The calculations relevant to this analysis are available in the supplementary material. The results are summarised in table 1. The posterior probabilities confirm our expectations regarding the measured G and k values and resolve the uncertainty for the h values.

The probabilities of the \(H_0\) models are smaller than expected, which may be because we assumed not only a common mean but also that it is equal to the weighted mean of the measured values. In addition, \(H_1\) does not exclude that the data are sampled from distributions with the same mean. It’s worth noting that, assuming a uniform prior for the data means, the Bayesian test of equal means would have been impossible.
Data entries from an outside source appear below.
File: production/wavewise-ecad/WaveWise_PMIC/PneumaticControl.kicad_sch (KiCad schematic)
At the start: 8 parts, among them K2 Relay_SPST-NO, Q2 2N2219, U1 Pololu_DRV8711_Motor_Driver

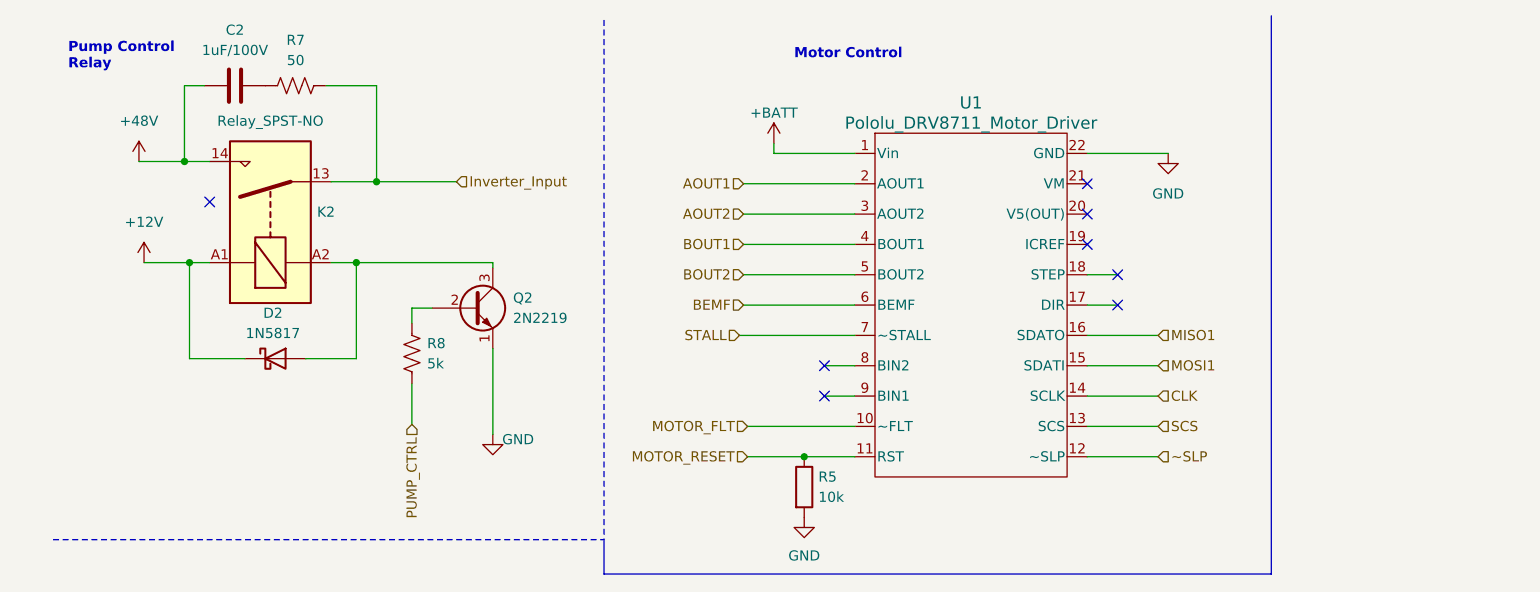
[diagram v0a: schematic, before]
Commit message: added most footprints still need polulu footprint
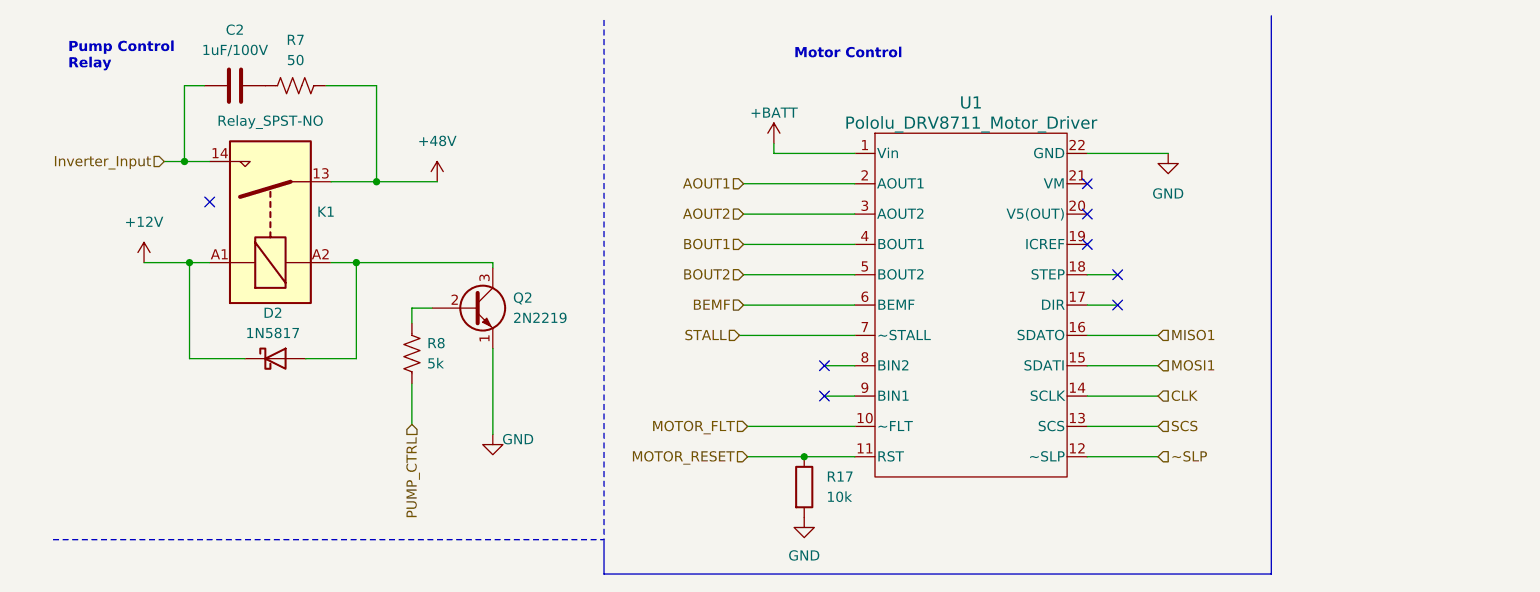
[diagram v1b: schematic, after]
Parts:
- C2: footprint (none) -> Capacitor_THT:C_Disc_D5.0mm_W2.5mm_P5.00mm
- K1: renamed from K2; footprint (none) -> Relay_THT:Relay_SPDT_Finder_36.11
- R8: footprint (none) -> Resistor_SMD:R_0805_2012Metric_Pad1.20x1.40mm_HandSolder
- renumbered R5 to R17
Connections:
- net +48V: now also K1.13, R7.2; no longer C2.2, K1.14
- net Inverter_Input: now also C2.2, K1.14; no longer K1.13, R7.2
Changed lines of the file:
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@@
 (kicad_sch (version 20230121) (generator eeschema)
   (paper "A4")
+  (junction (at 53.975 33.02) (diameter 0) (color 0 0 0 0)
+  )
   (junction (at 29.845 30.48) (diameter 0) (color 0 0 0 0)
   )
   (junction (at 107.696 67.564) (diameter 0) (color 0 0 0 0)
-  )
-  (junction (at 53.975 33.02) (diameter 0) (color 0 0 0 0)
   )
   (junction (at 51.435 43.18) (diameter 0) (color 0 0 0 0)
@@
     (stroke (width 0) (type default))
   )
-  (wire (pts (xy 53.975 33.02) (xy 64.008 33.02))
-    (stroke (width 0) (type default))
-  )
   (wire (pts (xy 143.256 63.754) (xy 152.146 63.754))
+    (stroke (width 0) (type default))
+  )
+  (wire (pts (xy 53.975 33.02) (xy 61.595 33.02))
     (stroke (width 0) (type default))
   )
@@
     (stroke (width 0) (type default))
   )
-  (wire (pts (xy 24.13 30.48) (xy 29.845 30.48))
-    (stroke (width 0) (type default))
-  )
   (wire (pts (xy 143.256 44.704) (xy 147.066 44.704))
     (stroke (width 0) (type default))
@@
     (stroke (width 0) (type default))
   )
+  (wire (pts (xy 29.845 30.48) (xy 27.305 30.48))
+    (stroke (width 0) (type default))
+  )
   (wire (pts (xy 29.845 30.48) (xy 33.02 30.48))
     (stroke (width 0) (type default))
@@
     (effects (font (size 1.27 1.27)) (justify right))
   )
+  (hierarchical_label "Inverter_Input" (shape input) (at 27.305 30.48 180) (fields_autoplaced)
+    (effects (font (size 1.27 1.27)) (justify right))
+  )
   (hierarchical_label "BOUT2" (shape input) (at 100.076 44.704 180) (fields_autoplaced)
     (effects (font (size 1.27 1.27)) (justify right))
@@
   )
   (hierarchical_label "MOSI1" (shape input) (at 152.146 56.134 0) (fields_autoplaced)
-    (effects (font (size 1.27 1.27)) (justify left))
-  )
-  (hierarchical_label "Inverter_Input" (shape input) (at 64.008 33.02 0) (fields_autoplaced)
     (effects (font (size 1.27 1.27)) (justify left))
   )
@@
     )
   )
-  (symbol (lib_id "power:+48V") (at 24.13 30.48 0) (unit 1)
-    (in_bom yes) (on_board yes) (dnp no) (fields_autoplaced)
-    (property "Reference" "#PWR05" (at 24.13 34.29 0)
-      (effects (font (size 1.27 1.27)) hide)
-    )
-    (property "Value" "+48V" (at 24.13 25.4 0)
-      (effects (font (size 1.27 1.27)))
-    )
-    (property "Footprint" "" (at 24.13 30.48 0)
-      (effects (font (size 1.27 1.27)) hide)
-    )
-    (property "Datasheet" "" (at 24.13 30.48 0)
-      (effects (font (size 1.27 1.27)) hide)
-    )
-    (pin "1")
-    (instances
-      (project "WaveWise_PMIC"
-        (path "/8343c01b-8940-4cb8-a17d-91fd7fb1cccd/9401b93a-998f-4185-ba4a-cb0793660d5a"
-          (reference "#PWR05") (unit 1)
-        )
-      )
-    )
-  )
   (symbol (lib_id "power:GND") (at 68.58 64.77 0) (unit 1)
     (in_bom yes) (on_board yes) (dnp no)
@@
         (path "/ac491dca-bdaf-4a2e-a85e-04a34a1180ec"
           (reference "#PWR014") (unit 1)
+        )
+      )
+    )
+  )
+  (symbol (lib_id "power:+48V") (at 61.595 33.02 0) (unit 1)
+    (in_bom yes) (on_board yes) (dnp no) (fields_autoplaced)
+    (property "Reference" "#PWR02" (at 61.595 36.83 0)
+      (effects (font (size 1.27 1.27)) hide)
+    )
+    (property "Value" "+48V" (at 61.595 27.94 0)
+      (effects (font (size 1.27 1.27)))
+    )
+    (property "Footprint" "" (at 61.595 33.02 0)
+      (effects (font (size 1.27 1.27)) hide)
+    )
+    (property "Datasheet" "" (at 61.595 33.02 0)
+      (effects (font (size 1.27 1.27)) hide)
+    )
+    (pin "1")
+    (instances
+      (project "WaveWise_PMIC"
+        (path "/8343c01b-8940-4cb8-a17d-91fd7fb1cccd/9401b93a-998f-4185-ba4a-cb0793660d5a"
+          (reference "#PWR02") (unit 1)
         )
       )
@@
       (effects (font (size 1.27 1.27)) (justify right))
     )
-    (property "Footprint" "" (at 57.404 54.356 90)
+    (property "Footprint" "Resistor_SMD:R_0805_2012Metric_Pad1.20x1.40mm_HandSolder" (at 57.404 54.356 90)
       (effects (font (size 1.27 1.27)) hide)
     )
@@
   (symbol (lib_id "Relay:Relay_SPST-NO") (at 40.64 38.1 90) (unit 1)
     (in_bom yes) (on_board yes) (dnp no)
-    (property "Reference" "K2" (at 47.625 36.83 90)
+    (property "Reference" "K1" (at 47.625 36.83 90)
       (effects (font (size 1.27 1.27)))
     )
@@
       (effects (font (size 1.27 1.27)))
     )
-    (property "Footprint" "" (at 41.91 26.67 0)
+    (property "Footprint" "Relay_THT:Relay_SPDT_Finder_36.11" (at 41.91 26.67 0)
       (effects (font (size 1.27 1.27)) (justify left) hide)
     )
@@
       (project "WaveWise_PMIC"
         (path "/8343c01b-8940-4cb8-a17d-91fd7fb1cccd/9401b93a-998f-4185-ba4a-cb0793660d5a"
-          (reference "K2") (unit 1)
+          (reference "K1") (unit 1)
         )
       )
@@
   (symbol (lib_id "Device:R") (at 107.696 71.374 0) (unit 1)
     (in_bom yes) (on_board yes) (dnp no) (fields_autoplaced)
-    (property "Reference" "R5" (at 109.474 70.104 0)
+    (property "Reference" "R17" (at 110.49 70.104 0)
       (effects (font (size 1.27 1.27)) (justify left))
     )
-    (property "Value" "10k" (at 109.474 72.644 0)
+    (property "Value" "10k" (at 110.49 72.644 0)
       (effects (font (size 1.27 1.27)) (justify left))
     )
@@
       (project "WaveWise_PMIC"
         (path "/8343c01b-8940-4cb8-a17d-91fd7fb1cccd/9401b93a-998f-4185-ba4a-cb0793660d5a"
-          (reference "R5") (unit 1)
+          (reference "R17") (unit 1)
         )
       )
@@
       (effects (font (size 1.27 1.27)))
     )
-    (property "Footprint" "" (at 32.385 21.9202 0)
-      (effects (font (size 1.27 1.27)) hide)
-    )
+    (property "Footprint" "Capacitor_THT:C_Disc_D5.0mm_W2.5mm_P5.00mm" (at 32.385 21.9202 0)
+      (effects (font (size 1.27 1.27)) hide)
+    )

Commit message: More stuff done to PCB Added polulu
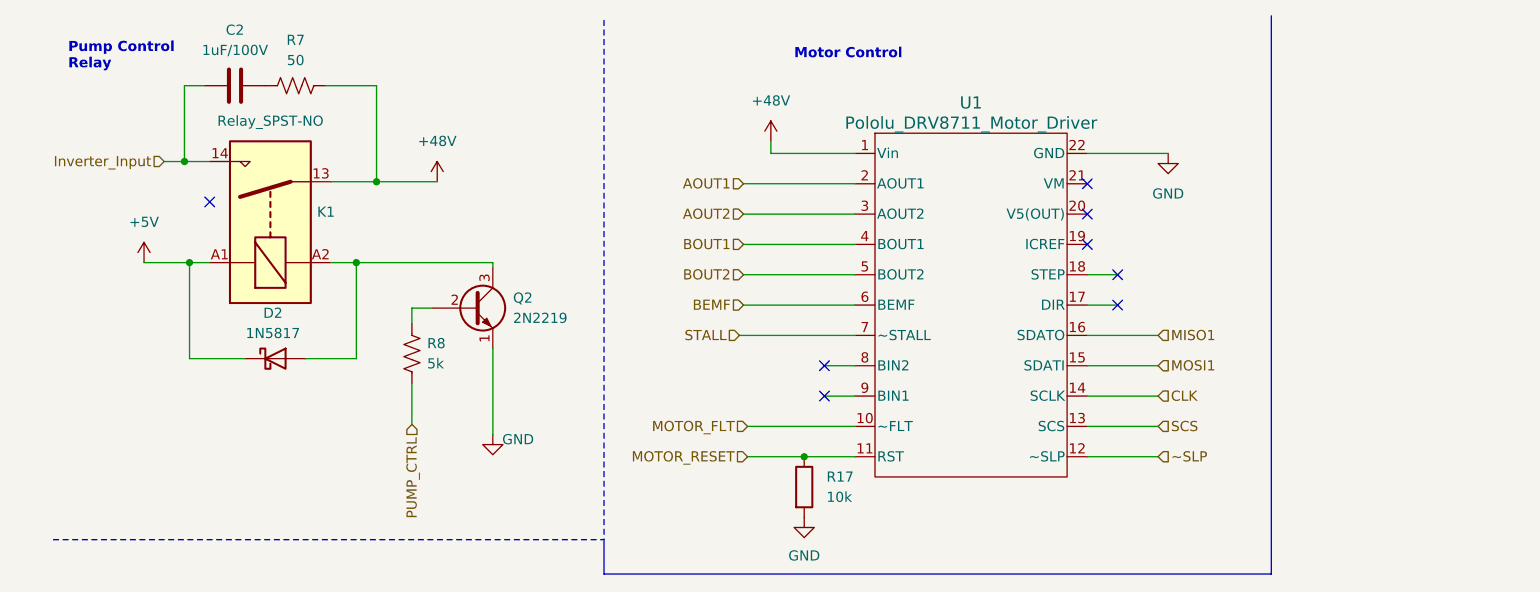
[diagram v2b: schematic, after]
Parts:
- U1: footprint Wavewise Footprints UnChecked:POLOLU_36v4 -> Unchecked:POLOLU_36v4
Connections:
- net +BATT is gone; now on net +48V: U1.1 (Vin)
- net +12V renamed +5V
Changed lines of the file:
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@@
     (stroke (width 0) (type default))
   )
-  (wire (pts (xy 103.886 29.464) (xy 114.046 29.464))
+  (wire (pts (xy 103.505 29.464) (xy 114.046 29.464))
     (stroke (width 0) (type default))
   )
@@
     (stroke (width 0) (type default))
   )
-  (wire (pts (xy 103.886 29.464) (xy 103.886 28.194))
+  (wire (pts (xy 103.505 29.464) (xy 103.505 27.94))
     (stroke (width 0) (type default))
   )
@@
     (effects (font (size 1.27 1.27)) (justify right))
   )
-  (symbol (lib_id "power:+12V") (at 24.765 43.18 0) (unit 1)
-    (in_bom yes) (on_board yes) (dnp no) (fields_autoplaced)
-    (property "Reference" "#PWR07" (at 24.765 46.99 0)
-      (effects (font (size 1.27 1.27)) hide)
-    )
-    (property "Value" "+12V" (at 24.765 38.1 0)
-      (effects (font (size 1.27 1.27)))
-    )
-    (property "Footprint" "" (at 24.765 43.18 0)
-      (effects (font (size 1.27 1.27)) hide)
-    )
-    (property "Datasheet" "" (at 24.765 43.18 0)
-      (effects (font (size 1.27 1.27)) hide)
-    )
-    (pin "1")
-    (instances
-      (project "WaveWise_PMIC"
-        (path "/8343c01b-8940-4cb8-a17d-91fd7fb1cccd/9401b93a-998f-4185-ba4a-cb0793660d5a"
-          (reference "#PWR07") (unit 1)
+  (symbol (lib_id "power:+48V") (at 103.505 27.94 0) (unit 1)
+    (in_bom yes) (on_board yes) (dnp no) (fields_autoplaced)
+    (property "Reference" "#PWR011" (at 103.505 31.75 0)
+      (effects (font (size 1.27 1.27)) hide)
+    )
+    (property "Value" "+48V" (at 103.505 22.86 0)
+      (effects (font (size 1.27 1.27)))
+    )
+    (property "Footprint" "" (at 103.505 27.94 0)
+      (effects (font (size 1.27 1.27)) hide)
+    )
+    (property "Datasheet" "" (at 103.505 27.94 0)
+      (effects (font (size 1.27 1.27)) hide)
+    )
+    (pin "1")
+    (instances
+      (project "WaveWise_PMIC"
+        (path "/8343c01b-8940-4cb8-a17d-91fd7fb1cccd/9401b93a-998f-4185-ba4a-cb0793660d5a"
+          (reference "#PWR011") (unit 1)
         )
       )
@@
         (path "/8343c01b-8940-4cb8-a17d-91fd7fb1cccd/9401b93a-998f-4185-ba4a-cb0793660d5a"
           (reference "#PWR032") (unit 1)
-        )
-      )
-    )
-  )
-  (symbol (lib_id "power:+BATT") (at 103.886 28.194 0) (unit 1)
-    (in_bom yes) (on_board yes) (dnp no) (fields_autoplaced)
-    (property "Reference" "#PWR02" (at 103.886 32.004 0)
-      (effects (font (size 1.27 1.27)) hide)
-    )
-    (property "Value" "+BATT" (at 103.886 24.384 0)
-      (effects (font (size 1.27 1.27)))
-    )
-    (property "Footprint" "" (at 103.886 28.194 0)
-      (effects (font (size 1.27 1.27)) hide)
-    )
-    (property "Datasheet" "" (at 103.886 28.194 0)
-      (effects (font (size 1.27 1.27)) hide)
-    )
-    (pin "1")
-    (instances
-      (project "WaveWise_Buoy"
-        (path "/592e9c71-e849-48c7-bbac-58569f6cf8ab"
-          (reference "#PWR02") (unit 1)
-        )
-      )
-      (project "WaveWise_LiftControl"
-        (path "/65aeefed-878a-44c2-92d6-311875571bde"
-          (reference "#PWR04") (unit 1)
-        )
-      )
-      (project "WaveWise_PMIC"
-        (path "/8343c01b-8940-4cb8-a17d-91fd7fb1cccd/9401b93a-998f-4185-ba4a-cb0793660d5a"
-          (reference "#PWR011") (unit 1)
-        )
-      )
-      (project "WaveWise_Buoy"
-        (path "/ac491dca-bdaf-4a2e-a85e-04a34a1180ec"
-          (reference "#PWR013") (unit 1)
         )
       )
@@
       (effects (font (size 1.524 1.524)))
     )
-    (property "Footprint" "Wavewise Footprints UnChecked:POLOLU_36v4" (at 106.426 24.384 0)
+    (property "Footprint" "Unchecked:POLOLU_36v4" (at 106.426 24.384 0)
       (effects (font (size 1.27 1.27) italic) hide)
     )
@@
         )
       )
+    )
+  )
+  (symbol (lib_id "power:+5V") (at 24.765 43.18 0) (unit 1)
+    (in_bom yes) (on_board yes) (dnp no) (fields_autoplaced)
+    (property "Reference" "#PWR07" (at 24.765 46.99 0)
+      (effects (font (size 1.27 1.27)) hide)
+    )
+    (property "Value" "+5V" (at 24.765 38.1 0)
+      (effects (font (size 1.27 1.27)))
+    )
+    (property "Footprint" "" (at 24.765 43.18 0)
+      (effects (font (size 1.27 1.27)) hide)
+    )
+    (property "Datasheet" "" (at 24.765 43.18 0)
+      (effects (font (size 1.27 1.27)) hide)
+    )
+    (pin "1")
+    (instances
+      (project "WaveWise_PMIC"
+        (path "/8343c01b-8940-4cb8-a17d-91fd7fb1cccd/9401b93a-998f-4185-ba4a-cb0793660d5a"
+          (reference "#PWR07") (unit 1)
+        )
+      )

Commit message: Prelim board layout
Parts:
- removed K1: Relay_SPST-NO, Relay_THT:Relay_SPDT_Finder_36.11, symbol Relay:Relay_SPST-NO
- added K1: AWHSH105D00G, Unchecked:AWHSH105D00G, symbol AWHSH105D00G:AWHSH105D00G
- added R14, R24: 0, Resistor_SMD:R_0805_2012Metric, symbol Device:R
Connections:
- net +48V: now also K1.2
- net +5V: now also K1.5, R14.2
- net Inverter_Input: now also K1.3
- net at D2.2 (A), Q2.3 (C): now also K1.1
- net DIR/AIN2: now reaches U1.17 (DIR)
- net STEP/AIN1: now reaches U1.18 (STEP)
- net ICREF: now reaches U1.19 (ICREF)
- net ICREF: now also R14.1, R24.1
- net CLK renamed SCLK
- net MISO1 renamed SDATO
- net MOSI1 renamed SDATI
- new net +3.3V: R24.2
- no-connect marks 8 -> 4
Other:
- moved on the sheet: C2, D2, Q2, R17, R7, R8, U1

Table 1 Posterior probabilities of the \(H_0\) and \(H_1\) data model

6 Conclusion

Given measurement results affected by additive uncorrelated Gaussian errors, we investigated the Bayesian inferences of the data means, individual means’ squares, and average means’ squares. The result is a new way to cope with the inconsistency originated by using a uniform prior, which inconsistency occurs because the uniform prior – contrary to what was intended and the belief that it is finite – encodes that the data power is infinite.

To minimise the difference (expressed by the Kullback–Leibler divergence) from the uniform distribution, we encoded the measurands’ indistinguishability and the belief of finite measurand values in a normal prior hyper-parameterised by the mean and variance. Averaging over the unknown hyper-parameters or letting the data to chose the most supported ones removes the shortcomings of the uniform distribution.

In the case of a single datum, the inferred measurand is not biased to the smallest value, as occurs in [4], but it is the measurement result itself. With more than one datum, we derived a James–Stein estimate of every single measurand consistent with the stated belief. This result was obtained without the use of empirical methods as in [8]. We showed that, as the sample size grows, the inference of the mean power is consistent and converges to the frequentist estimate.

After proving that it produces sound posteriors for the data mean and power while avoiding inconsistencies, we applied the hyper-parameterised normal prior to determining whether the measured values of the Newtonian constant of gravitation came from populations with the same mean or not. We repeated the test using the results of the measurements of the Planck and Boltzmann constants. If we had used an improper prior for the data mean, this Bayesian test would have been impossible.